> [Problem]: Every line of the records below that holds the word "CityJSON" should be copied out.

+++++

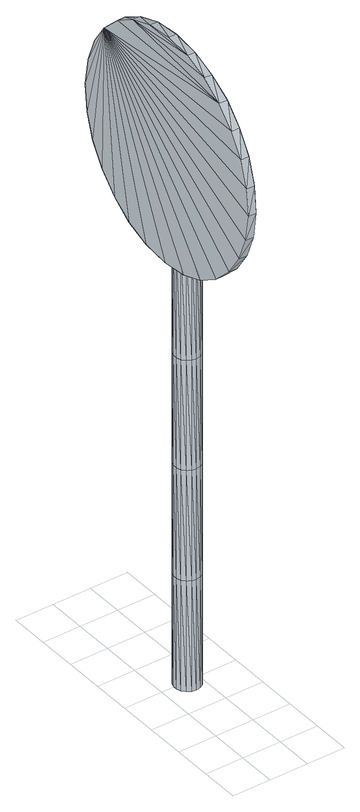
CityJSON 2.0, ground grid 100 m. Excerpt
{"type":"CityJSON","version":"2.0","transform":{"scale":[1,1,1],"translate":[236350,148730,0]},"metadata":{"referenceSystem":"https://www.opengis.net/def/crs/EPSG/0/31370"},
"CityObjects":{
"object1":{"type":"GenericCityObject","attributes":{"cluster":6,"mean_distance_to_centroid":0.116,"new_centroid_x":236307.26,"new_centroid_y":149105.08,"mean_distance_to_camera":8.2,"H1":0,"H2":0,"Z_final":108.11,"cluster2":-1,"proj_x":236304.93,"proj_y":149104.43,"id_line":53396,"bearing_l":344.37,"distance":2.41,"orientation":"right","G_obj":344.37},"geometry":[{"type":"MultiSurface","lod":"2","boundaries":[[[0,1,2]],[[2,1,3]],[[3,1,4]],[[4,1,5]],[[5,1,6]],[[1,7,6]],[[1,8,7]],[[1,9,8]],[[1,10,9]],[[1,11,10]],[[1,12,11]],[[1,13,12]],[[1,14,13]],[[15,14,1]],[[16,15,1]],[[17,16,1]],[[18,17,1]],[[0,18,1]],[[19,20,0]],[[19,0,2]],[[21,19,2]],[[21,2,3]],[[21,3,22]],[[22,3,4]],[[22,4,23]],[[23,4,5]],[[23,5,24]],[[24,5,6]],[[24,6,25]],[[25,6,7]],[[25,7,26]],[[26,7,8]],[[26,8,27]],[[8,9,27]],[[27,9,28]],[[9,10,28]],[[10,29,28]],[[10,11,29]],[[11,30,29]],[[11,12,30]],[[30,12,31]],[[31,12,13]],[[31,13,32]],[[32,13,14]],[[32,14,33]],[[33,14,15]],[[33,15,34]],[[34,15,16]],[[34,16,35]],[[35,16,17]],[[36,35,17]],[[18,36,17]],[[20,36,18]],[[20,18,0]],[[37,38,20]],[[37,20,19]],[[39,37,19]],[[21,39,19]],[[39,21,40]],[[40,21,22]],[[40,22,41]],[[41,22,23]],[[41,23,42]],[[42,23,24]],[[42,24,43]],[[43,24,25]],[[43,25,44]],[[44,25,26]],[[26,45,44]],[[26,27,45]],[[27,46,45]],[[27,28,46]],[[28,47,46]],[[28,29,47]],[[47,29,48]],[[29,30,48]],[[48,30,49]],[[49,30,31]],[[49,31,50]],[[50,31,32]],[[50,32,51]],[[51,32,33]],[[51,33,52]],[[52,33,34]],[[52,34,53]],[[53,34,35]],[[54,53,35]],[[54,35,36]],[[38,54,36]],[[38,36,20]],[[55,56,38]],[[55,38,37]],[[57,55,37]],[[57,37,39]],[[57,39,58]],[[58,39,40]],[[58,40,59]],[[59,40,41]],[[59,41,60]],[[60,41,42]],[[60,42,61]],[[61,42,43]],[[61,43,62]],[[62,43,44]],[[44,63,62]],[[44,45,63]],[[45,64,63]],[[45,46,64]],[[46,65,64]],[[46,47,65]],[[47,66,65]],[[47,48,66]],[[66,48,67]],[[67,48,49]],[[67,49,68]],[[68,49,50]],[[68,50,69]],[[69,50,51]],[[69,51,70]],[[70,51,52]],[[70,52,71]],[[71,52,53]],[[72,71,53]],[[72,53,54]],[[56,72,54]],[[56,54,38]],[[73,74,56]],[[73,56,55]],[[75,73,55]],[[75,55,57]],[[75,57,76]],[[76,57,58]],[[76,58,77]],[[77,58,59]],[[77,59,78]],[[78,59,60]],[[78,60,79]],[[79,60,61]],[[79,61,80]],[[80,61,62]],[[62,81,80]],[[62,63,81]],[[63,82,81]],[[63,64,82]],[[64,83,82]],[[64,65,83]],[[65,84,83]],[[65,66,84]],[[84,66,85]],[[85,66,67]],[[85,67,86]],[[86,67,68]],[[86,68,87]],[[87,68,69]],[[87,69,88]],[[88,69,70]],[[88,70,89]],[[89,70,71]],[[90,89,71]],[[90,71,72]],[[74,90,72]],[[74,72,56]],[[91,92,74]],[[91,74,73]],[[93,91,73]],[[93,73,75]],[[93,75,94]],[[94,75,76]],[[94,76,95]],[[95,76,77]],[[95,77,96]],[[96,77,78]],[[96,78,97]],[[97,78,79]],[[97,79,98]],[[98,79,80]],[[80,99,98]],[[80,81,99]],[[81,100,99]],[[81,82,100]],[[82,101,100]],[[82,83,101]],[[83,102,101]],[[83,84,102]],[[102,84,103]],[[103,84,85]],[[103,85,104]],[[104,85,86]],[[104,86,105]],[[105,86,87]],[[105,87,106]],[[106,87,88]],[[106,88,107]],[[107,88,89]],[[108,107,89]],[[108,89,90]],[[92,108,90]],[[92,90,74]],[[92,91,109]],[[91,93,109]],[[93,94,109]],[[94,95,109]],[[95,96,109]],[[109,96,97]],[[109,97,98]],[[109,98,99]],[[109,99,100]],[[109,100,101]],[[109,101,102]],[[109,102,103]],[[109,103,104]],[[105,109,104]],[[106,109,105]],[[107,109,106]],[[108,109,107]],[[92,109,108]],[[110,111,112]],[[113,112,114]],[[115,112,113]],[[116,112,115]],[[117,112,116]],[[118,112,117]],[[119,112,118]],[[120,112,119]],[[121,112,120]],[[122,112,121]],[[122,123,112]],[[123,110,112]],[[111,124,112]],[[124,125,112]],[[125,126,112]],[[126,127,112]],[[127,128,112]],[[128,129,112]],[[129,130,112]],[[130,131,112]],[[112,131,132]],[[131,133,132]],[[131,134,133]],[[133,134,135]],[[133,135,136]],[[135,137,136]],[[133,136,138]],[[136,139,138]],[[136,137,139]],[[137,140,139]],[[137,135,140]],[[135,141,140]],[[135,134,141]],[[134,142,141]],[[134,131,142]],[[131,143,142]],[[131,130,143]],[[143,130,144]],[[144,130,129]],[[144,129,145]],[[145,129,128]],[[145,128,146]],[[146,127,147]],[[147,127,126]],[[147,126,148]],[[148,126,125]],[[148,125,149]],[[149,125,124]],[[150,149,124]],[[150,124,111]],[[151,150,111]],[[151,111,110]],[[152,151,110]],[[152,110,123]],[[146,128,127]],[[153,123,122]],[[154,153,122]],[[154,122,121]],[[155,154,121]],[[155,121,120]],[[156,155,120]],[[156,120,119]],[[157,156,119]],[[157,119,118]],[[157,118,158]],[[158,118,117]],[[158,117,159]],[[153,152,123]],[[159,117,116]],[[159,116,160]],[[160,116,115]],[[160,115,161]],[[161,115,113]],[[161,113,162]],[[162,113,114]],[[162,114,163]],[[163,114,112]],[[163,112,164]],[[164,112,132]],[[132,165,164]],[[132,133,165]],[[133,138,165]],[[138,139,140]],[[161,162,163]],[[160,161,163]],[[159,160,163]],[[158,159,163]],[[157,158,163]],[[156,157,163]],[[155,156,163]],[[154,155,163]],[[153,154,163]],[[153,163,152]],[[152,163,151]],[[151,163,150]],[[150,163,149]],[[149,163,148]],[[148,163,147]],[[147,163,146]],[[146,163,145]],[[145,163,144]],[[144,163,143]],[[143,163,142]],[[163,164,142]],[[142,164,165]],[[142,165,141]],[[165,140,141]],[[165,138,140]],[[166,167,168]],[[168,167,169]],[[170,168,169]],[[170,169,171]],[[170,171,172]],[[172,171,173]],[[172,173,174]],[[174,173,175]],[[174,175,176]],[[176,175,177]],[[176,177,178]],[[178,177,179]],[[178,179,180]],[[180,179,181]],[[180,181,182]],[[182,181,183]],[[182,183,184]],[[184,183,185]],[[184,185,186]],[[186,185,187]],[[186,187,188]],[[188,187,189]],[[188,189,190]],[[190,189,191]],[[192,190,191]],[[192,191,193]],[[194,192,193]],[[194,193,195]],[[196,194,195]],[[196,195,197]],[[198,196,197]],[[198,197,199]],[[200,198,199]],[[200,199,201]],[[202,200,201]],[[202,201,203]],[[204,202,203]],[[204,203,205]],[[206,204,205]],[[206,205,207]],[[208,206,207]],[[208,207,209]],[[210,208,209]],[[210,209,211]],[[212,210,211]],[[212,211,213]],[[214,212,213]],[[214,213,215]],[[216,214,215]],[[216,215,217]],[[216,217,218]],[[218,217,219]],[[218,219,220]],[[220,219,221]],[[220,221,222]],[[222,221,223]],[[222,223,224]],[[224,223,225]],[[224,225,226]],[[226,225,227]],[[226,227,228]],[[228,227,229]],[[228,229,230]],[[230,229,231]],[[230,231,232]],[[232,231,233]],[[232,233,234]],[[234,233,235]],[[234,235,236]],[[236,235,237]],[[238,236,237]],[[238,237,239]],[[238,239,240]],[[240,239,241]],[[241,242,240]],[[241,243,242]],[[242,243,244]],[[244,243,245]],[[244,245,246]],[[246,245,247]],[[246,247,248]],[[248,247,249]],[[248,249,250]],[[250,249,251]],[[250,251,252]],[[252,251,253]],[[252,253,254]],[[254,253,255]],[[254,255,256]],[[256,255,257]],[[256,257,258]],[[258,257,259]],[[258,259,260]],[[260,259,261]],[[260,261,262]],[[262,261,263]],[[262,263,264]],[[264,263,265]],[[264,265,266]],[[266,265,267]],[[267,268,266]],[[267,269,268]],[[269,270,268]],[[269,271,270]],[[271,272,270]],[[271,273,272]],[[273,274,272]],[[273,275,274]],[[275,276,274]],[[275,277,276]],[[277,278,276]],[[277,279,278]],[[279,280,278]],[[279,281,280]],[[281,282,280]],[[281,283,282]],[[283,284,282]],[[283,285,284]],[[285,286,284]],[[285,287,286]],[[287,288,286]],[[287,289,288]],[[288,289,290]],[[290,289,291]],[[290,291,292]],[[292,291,293]],[[292,293,294]],[[294,293,295]],[[294,295,296]],[[296,295,297]],[[296,297,298]],[[298,297,299]],[[298,299,300]],[[300,299,301]],[[300,301,302]],[[302,301,303]],[[302,303,304]],[[304,303,305]],[[304,305,306]],[[306,305,307]],[[306,307,308]],[[308,307,309]],[[308,309,310]],[[310,309,311]],[[310,311,312]],[[312,311,313]],[[313,166,312]],[[313,167,166]],[[169,167,313]],[[169,313,171]],[[171,313,311]],[[173,171,311]],[[173,311,309]],[[175,173,309]],[[175,309,307]],[[177,175,307]],[[177,307,305]],[[179,177,305]],[[179,305,303]],[[181,179,303]],[[181,303,301]],[[183,181,301]],[[183,301,299]],[[183,299,297]],[[185,183,297]],[[185,297,295]],[[187,185,295]],[[187,295,293]],[[187,293,291]],[[189,187,291]],[[189,291,289]],[[189,289,287]],[[189,287,285]],[[191,189,285]],[[191,285,283]],[[193,191,283]],[[195,193,283]],[[195,283,281]],[[197,195,281]],[[199,197,281]],[[201,199,281]],[[201,281,279]],[[203,201,279]],[[205,203,279]],[[205,279,277]],[[205,277,207]],[[207,277,209]],[[209,277,275]],[[209,275,211]],[[211,275,273]],[[211,273,213]],[[213,273,271]],[[213,271,215]],[[215,271,269]],[[215,269,217]],[[217,269,219]],[[219,269,267]],[[219,267,221]],[[221,267,265]],[[221,265,223]],[[223,265,263]],[[223,263,225]],[[225,263,261]],[[225,261,227]],[[227,261,259]],[[227,259,229]],[[229,259,257]],[[229,257,255]],[[229,255,231]],[[231,255,253]],[[231,253,233]],[[233,253,251]],[[233,251,235]],[[251,249,235]],[[235,249,247]],[[235,247,237]],[[247,245,237]],[[237,245,243]],[[237,243,239]],[[239,243,241]],[[238,240,242]],[[168,312,166]],[[170,312,168]],[[170,310,312]],[[172,310,170]],[[172,308,310]],[[174,308,172]],[[174,306,308]],[[176,306,174]],[[176,304,306]],[[178,304,176]],[[178,302,304]],[[180,302,178]],[[180,300,302]],[[182,300,180]],[[182,298,300]],[[182,296,298]],[[184,296,182]],[[184,294,296]],[[186,294,184]],[[186,292,294]],[[186,290,292]],[[188,290,186]],[[188,288,290]],[[188,286,288]],[[188,284,286]],[[190,284,188]],[[190,282,284]],[[192,282,190]],[[194,282,192]],[[194,280,282]],[[196,280,194]],[[198,280,196]],[[200,280,198]],[[200,278,280]],[[202,278,200]],[[204,278,202]],[[204,276,278]],[[204,206,276]],[[206,208,276]],[[208,274,276]],[[208,210,274]],[[210,272,274]],[[210,212,272]],[[212,270,272]],[[212,214,270]],[[214,268,270]],[[214,216,268]],[[216,218,268]],[[218,266,268]],[[218,220,266]],[[220,264,266]],[[220,222,264]],[[222,262,264]],[[222,224,262]],[[224,260,262]],[[224,226,260]],[[226,258,260]],[[226,228,258]],[[228,256,258]],[[228,254,256]],[[228,230,254]],[[230,252,254]],[[230,232,252]],[[232,250,252]],[[232,234,250]],[[250,234,248]],[[234,246,248]],[[234,236,246]],[[246,236,244]],[[236,242,244]],[[236,238,242]],[[314,315,316]],[[316,315,317]],[[318,316,317]],[[318,317,319]],[[318,319,320]],[[320,319,321]],[[320,321,322]],[[322,321,323]],[[322,323,324]],[[324,323,325]],[[324,325,326]],[[326,325,327]],[[326,327,328]],[[328,327,329]],[[328,329,330]],[[330,329,331]],[[330,331,332]],[[332,331,333]],[[332,333,334]],[[334,333,335]],[[334,335,336]],[[336,335,337]],[[336,337,338]],[[338,337,339]],[[340,338,339]],[[340,339,341]],[[342,340,341]],[[342,341,343]],[[344,342,343]],[[344,343,345]],[[346,344,345]],[[346,345,347]],[[348,346,347]],[[348,347,349]],[[350,348,349]],[[350,349,351]],[[352,350,351]],[[352,351,353]],[[354,352,353]],[[354,353,355]],[[356,354,355]],[[356,355,357]],[[358,356,357]],[[358,357,359]],[[360,358,359]],[[360,359,361]],[[362,360,361]],[[362,361,363]],[[364,362,363]],[[364,363,365]],[[364,365,366]],[[366,365,367]],[[366,367,368]],[[368,367,369]],[[368,369,370]],[[370,369,371]],[[370,371,372]],[[372,371,373]],[[372,373,374]],[[374,373,375]],[[374,375,376]],[[376,375,377]],[[376,377,378]],[[378,377,379]],[[378,379,380]],[[380,379,381]],[[380,381,382]],[[382,381,383]],[[382,383,384]],[[384,383,385]],[[386,384,385]],[[386,385,387]],[[386,387,388]],[[388,387,389]],[[389,390,388]],[[389,391,390]],[[390,391,392]],[[392,391,393]],[[392,393,394]],[[394,393,395]],[[394,395,396]],[[396,395,397]],[[396,397,398]],[[398,397,399]],[[398,399,400]],[[400,399,401]],[[400,401,402]],[[402,401,403]],[[402,403,404]],[[404,403,405]],[[404,405,406]],[[406,405,407]],[[406,407,408]],[[408,407,409]],[[408,409,410]],[[410,409,411]],[[410,411,412]],[[412,411,413]],[[412,413,414]],[[414,413,415]],[[415,416,414]],[[415,417,416]],[[417,418,416]],[[417,419,418]],[[419,420,418]],[[419,421,420]],[[421,422,420]],[[421,423,422]],[[423,424,422]],[[423,425,424]],[[425,426,424]],[[425,427,426]],[[427,428,426]],[[427,429,428]],[[429,430,428]],[[429,431,430]],[[431,432,430]],[[431,433,432]],[[433,434,432]],[[433,435,434]],[[435,436,434]],[[435,437,436]],[[436,437,438]],[[438,437,439]],[[438,439,440]],[[440,439,441]],[[440,441,442]],[[442,441,443]],[[442,443,444]],[[444,443,445]],[[444,445,446]],[[446,445,447]],[[446,447,448]],[[448,447,449]],[[448,449,450]],[[450,449,451]],[[450,451,452]],[[452,451,453]],[[452,453,454]],[[454,453,455]],[[454,455,456]],[[456,455,457]],[[456,457,458]],[[458,457,459]],[[458,459,460]],[[460,459,461]],[[461,314,460]],[[461,315,314]],[[317,315,461]],[[317,461,319]],[[319,461,459]],[[321,319,459]],[[321,459,457]],[[323,321,457]],[[323,457,455]],[[325,323,455]],[[325,455,453]],[[327,325,453]],[[327,453,451]],[[329,327,451]],[[329,451,449]],[[331,329,449]],[[331,449,447]],[[331,447,445]],[[333,331,445]],[[333,445,443]],[[335,333,443]],[[335,443,441]],[[335,441,439]],[[337,335,439]],[[337,439,437]],[[337,437,435]],[[337,435,433]],[[339,337,433]],[[339,433,431]],[[341,339,431]],[[343,341,431]],[[343,431,429]],[[345,343,429]],[[347,345,429]],[[349,347,429]],[[349,429,427]],[[351,349,427]],[[353,351,427]],[[353,427,425]],[[353,425,355]],[[355,425,357]],[[357,425,423]],[[357,423,359]],[[359,423,421]],[[359,421,361]],[[361,421,419]],[[361,419,363]],[[363,419,417]],[[363,417,365]],[[365,417,367]],[[367,417,415]],[[367,415,369]],[[369,415,413]],[[369,413,371]],[[371,413,411]],[[371,411,373]],[[373,411,409]],[[373,409,375]],[[375,409,407]],[[375,407,377]],[[377,407,405]],[[377,405,403]],[[377,403,379]],[[379,403,401]],[[379,401,381]],[[381,401,399]],[[381,399,383]],[[399,397,383]],[[383,397,395]],[[383,395,385]],[[395,393,385]],[[385,393,391]],[[385,391,387]],[[387,391,389]],[[386,388,390]],[[316,460,314]],[[318,460,316]],[[318,458,460]],[[320,458,318]],[[320,456,458]],[[322,456,320]],[[322,454,456]],[[324,454,322]],[[324,452,454]],[[326,452,324]],[[326,450,452]],[[328,450,326]],[[328,448,450]],[[330,448,328]],[[330,446,448]],[[330,444,446]],[[332,444,330]],[[332,442,444]],[[334,442,332]],[[334,440,442]],[[334,438,440]],[[336,438,334]],[[336,436,438]],[[336,434,436]],[[336,432,434]],[[338,432,336]],[[338,430,432]],[[340,430,338]],[[342,430,340]],[[342,428,430]],[[344,428,342]],[[346,428,344]],[[348,428,346]],[[348,426,428]],[[350,426,348]],[[352,426,350]],[[352,424,426]],[[352,354,424]],[[354,356,424]],[[356,422,424]],[[356,358,422]],[[358,420,422]],[[358,360,420]],[[360,418,420]],[[360,362,418]],[[362,416,418]],[[362,364,416]],[[364,366,416]],[[366,414,416]],[[366,368,414]],[[368,412,414]],[[368,370,412]],[[370,410,412]],[[370,372,410]],[[372,408,410]],[[372,374,408]],[[374,406,408]],[[374,376,406]],[[376,404,406]],[[376,402,404]],[[376,378,402]],[[378,400,402]],[[378,380,400]],[[380,398,400]],[[380,382,398]],[[398,382,396]],[[382,394,396]],[[382,384,394]],[[394,384,392]],[[384,390,392]],[[384,386,390]]]}]}
},
"vertices":[
[66,330,2],[66,296,2],[78,327,2],[88,322,2],[95,313,2],[99,302,2],[99,290,2],[95,279,2],[88,270,2],[78,264,2],[66,262,2],[55,264,2],[45,270,2],[37,279,2],[33,290,2],[33,302,2],[37,313,2],[45,322,2],[55,327,2],[78,327,300],[66,330,300],[88,322,300],[95,313,300],[99,302,300],[99,290,300],[95,279,300],[88,270,300],[78,264,300],[66,262,300],[55,264,300],[45,270,300],[37,279,300],[33,290,300],[33,302,300],[37,313,300],[45,322,300],[55,327,300],[78,327,598],[66,330,598],[88,322,598],[95,313,598],[99,302,598],[99,290,598],[95,279,598],[88,270,598],[78,264,598],[66,262,598],[55,264,598],[45,270,598],[37,279,598],[33,290,598],[33,302,598],[37,313,598],[45,322,598],[55,327,598],[78,327,895],[66,330,895],[88,322,895],[95,313,895],[99,302,895],[99,290,895],[95,279,895],[88,270,895],[78,264,895],[66,262,895],[55,264,895],[45,270,895],[37,279,895],[33,290,895],[33,302,895],[37,313,895],[45,322,895],[55,327,895],[78,327,1193],[66,330,1193],[88,322,1193],[95,313,1193],[99,302,1193],[99,290,1193],[95,279,1193],[88,270,1193],[78,264,1193],[66,262,1193],[55,264,1193],[45,270,1193],[37,279,1193],[33,290,1193],[33,302,1193],[37,313,1193],[45,322,1193],[55,327,1193],[78,327,1491],[66,330,1491],[88,322,1491],[95,313,1491],[99,302,1491],[99,290,1491],[95,279,1491],[88,270,1491],[78,264,1491],[66,262,1491],[55,264,1491],[45,270,1491],[37,279,1491],[33,290,1491],[33,302,1491],[37,313,1491],[45,322,1491],[55,327,1491],[66,296,1491],[31,170,1185],[31,114,1221],[40,538,1645],[38,596,1525],[40,573,1589],[37,604,1456],[36,596,1387],[35,573,1324],[34,538,1268],[33,491,1221],[32,435,1185],[31,371,1162],[31,302,1154],[31,233,1162],[32,67,1268],[33,31,1324],[34,8,1387],[35,0,1456],[36,8,1525],[38,31,1589],[39,67,1645],[40,113,1692],[41,491,1692],[41,435,1727],[40,170,1727],[41,233,1750],[42,371,1750],[41,302,1758],[21,371,1750],[21,302,1758],[20,233,1750],[19,170,1728],[19,114,1692],[18,67,1645],[17,31,1589],[15,8,1526],[14,0,1457],[13,8,1387],[12,31,1324],[11,67,1268],[10,114,1221],[10,170,1185],[10,233,1163],[10,302,1155],[10,372,1163],[11,435,1185],[12,491,1221],[13,538,1268],[14,574,1324],[15,596,1387],[16,604,1457],[18,596,1526],[19,574,1589],[19,538,1645],[20,491,1692],[20,435,1728],[23,406,1304],[23,406,1265],[57,405,1304],[57,405,1265],[56,387,1304],[56,387,1265],[79,378,1304],[79,378,1265],[82,377,1304],[82,377,1265],[86,375,1304],[86,375,1265],[89,374,1304],[89,374,1265],[92,372,1304],[92,372,1265],[96,370,1304],[96,370,1265],[99,368,1304],[99,368,1265],[102,366,1304],[102,366,1265],[112,358,1304],[112,358,1265],[115,356,1304],[115,356,1265],[117,353,1304],[117,353,1265],[119,350,1304],[119,350,1265],[121,347,1304],[121,347,1265],[122,344,1304],[122,344,1265],[122,340,1304],[122,340,1265],[122,336,1304],[122,336,1265],[122,302,1304],[122,302,1265],[119,283,1304],[119,283,1265],[118,278,1304],[118,278,1265],[117,273,1304],[117,273,1265],[115,268,1304],[115,268,1265],[112,264,1304],[112,264,1265],[109,260,1304],[109,260,1265],[105,257,1304],[105,257,1265],[101,254,1304],[101,254,1265],[96,251,1304],[96,251,1265],[91,249,1304],[91,249,1265],[86,247,1304],[86,247,1265],[81,246,1304],[81,246,1265],[76,245,1304],[76,245,1265],[71,244,1304],[71,244,1265],[66,244,1304],[66,244,1265],[54,244,1304],[54,244,1265],[52,219,1304],[52,219,1265],[23,217,1304],[23,217,1265],[23,249,1304],[23,249,1265],[44,263,1304],[44,263,1265],[60,262,1304],[60,262,1265],[63,262,1304],[63,262,1265],[67,262,1304],[67,262,1265],[70,262,1304],[70,262,1265],[73,263,1304],[73,263,1265],[77,263,1304],[77,263,1265],[80,264,1304],[80,264,1265],[83,265,1304],[83,265,1265],[86,266,1304],[86,266,1265],[89,268,1304],[89,268,1265],[91,270,1304],[91,270,1265],[93,272,1304],[93,272,1265],[94,274,1304],[94,274,1265],[96,277,1304],[96,277,1265],[96,280,1304],[96,280,1265],[98,300,1304],[98,300,1265],[98,337,1304],[98,337,1265],[98,339,1304],[98,339,1265],[97,341,1304],[97,341,1265],[96,343,1304],[96,343,1265],[95,345,1304],[95,345,1265],[94,347,1304],[94,347,1265],[92,348,1304],[92,348,1265],[90,349,1304],[90,349,1265],[90,350,1304],[90,350,1265],[88,351,1304],[88,351,1265],[85,352,1304],[85,352,1265],[83,353,1304],[83,353,1265],[81,353,1304],[81,353,1265],[78,354,1304],[78,354,1265],[76,355,1304],[76,355,1265],[74,355,1304],[74,355,1265],[53,359,1304],[53,359,1265],[29,373,1304],[29,373,1265],[31,406,1473],[31,406,1434],[65,405,1473],[65,405,1434],[65,387,1473],[65,387,1434],[87,378,1473],[87,378,1434],[90,377,1473],[90,377,1434],[94,375,1473],[94,375,1434],[97,374,1473],[97,374,1434],[100,372,1473],[100,372,1434],[104,370,1473],[104,370,1434],[107,368,1473],[107,368,1434],[110,366,1473],[110,366,1434],[120,358,1473],[120,358,1434],[123,356,1473],[123,356,1434],[125,353,1473],[125,353,1434],[127,350,1473],[127,350,1434],[129,347,1473],[129,347,1434],[130,344,1473],[130,344,1434],[130,340,1473],[130,340,1434],[131,336,1473],[131,336,1434],[130,302,1473],[130,302,1434],[127,283,1473],[127,283,1434],[126,278,1473],[126,278,1434],[125,273,1473],[125,273,1434],[123,268,1473],[123,268,1434],[120,264,1473],[120,264,1434],[117,260,1473],[117,260,1434],[113,257,1473],[113,257,1434],[109,254,1473],[109,254,1434],[104,251,1473],[104,251,1434],[99,249,1473],[99,249,1434],[94,247,1473],[94,247,1434],[89,246,1473],[89,246,1434],[84,245,1473],[84,245,1434],[79,244,1473],[79,244,1434],[74,244,1473],[74,244,1434],[62,244,1473],[62,244,1434],[60,219,1473],[60,219,1434],[31,217,1473],[31,217,1434],[31,249,1473],[31,249,1434],[52,263,1473],[52,263,1434],[68,262,1473],[68,262,1434],[71,262,1473],[71,262,1434],[75,262,1473],[75,262,1434],[78,262,1473],[78,262,1434],[81,263,1473],[81,263,1434],[85,263,1473],[85,263,1434],[88,264,1473],[88,264,1434],[91,265,1473],[91,265,1434],[94,266,1473],[94,266,1434],[97,268,1473],[97,268,1434],[99,270,1473],[99,270,1434],[101,272,1473],[101,272,1434],[103,274,1473],[103,274,1434],[104,277,1473],[104,277,1434],[104,280,1473],[104,280,1434],[106,300,1473],[106,300,1434],[106,337,1473],[106,337,1434],[106,339,1473],[106,339,1434],[105,341,1473],[105,341,1434],[104,343,1473],[104,343,1434],[103,345,1473],[103,345,1434],[102,347,1473],[102,347,1434],[100,348,1473],[100,348,1434],[98,349,1473],[98,349,1434],[98,350,1473],[98,350,1434],[96,351,1473],[96,351,1434],[94,352,1473],[94,352,1434],[91,353,1473],[91,353,1434],[89,353,1473],[89,353,1434],[87,354,1473],[87,354,1434],[84,355,1473],[84,355,1434],[82,355,1473],[82,355,1434],[61,359,1473],[61,359,1434],[37,373,1473],[37,373,1434]
]}

+++++

> [Response box]:
CityJSON 2.0, ground grid 100 m. Excerpt
{"type":"CityJSON","version":"2.0","transform":{"scale":[1,1,1],"translate":[236350,148730,0]},"metadata":{"referenceSystem":"https://www.opengis.net/def/crs/EPSG/0/31370"},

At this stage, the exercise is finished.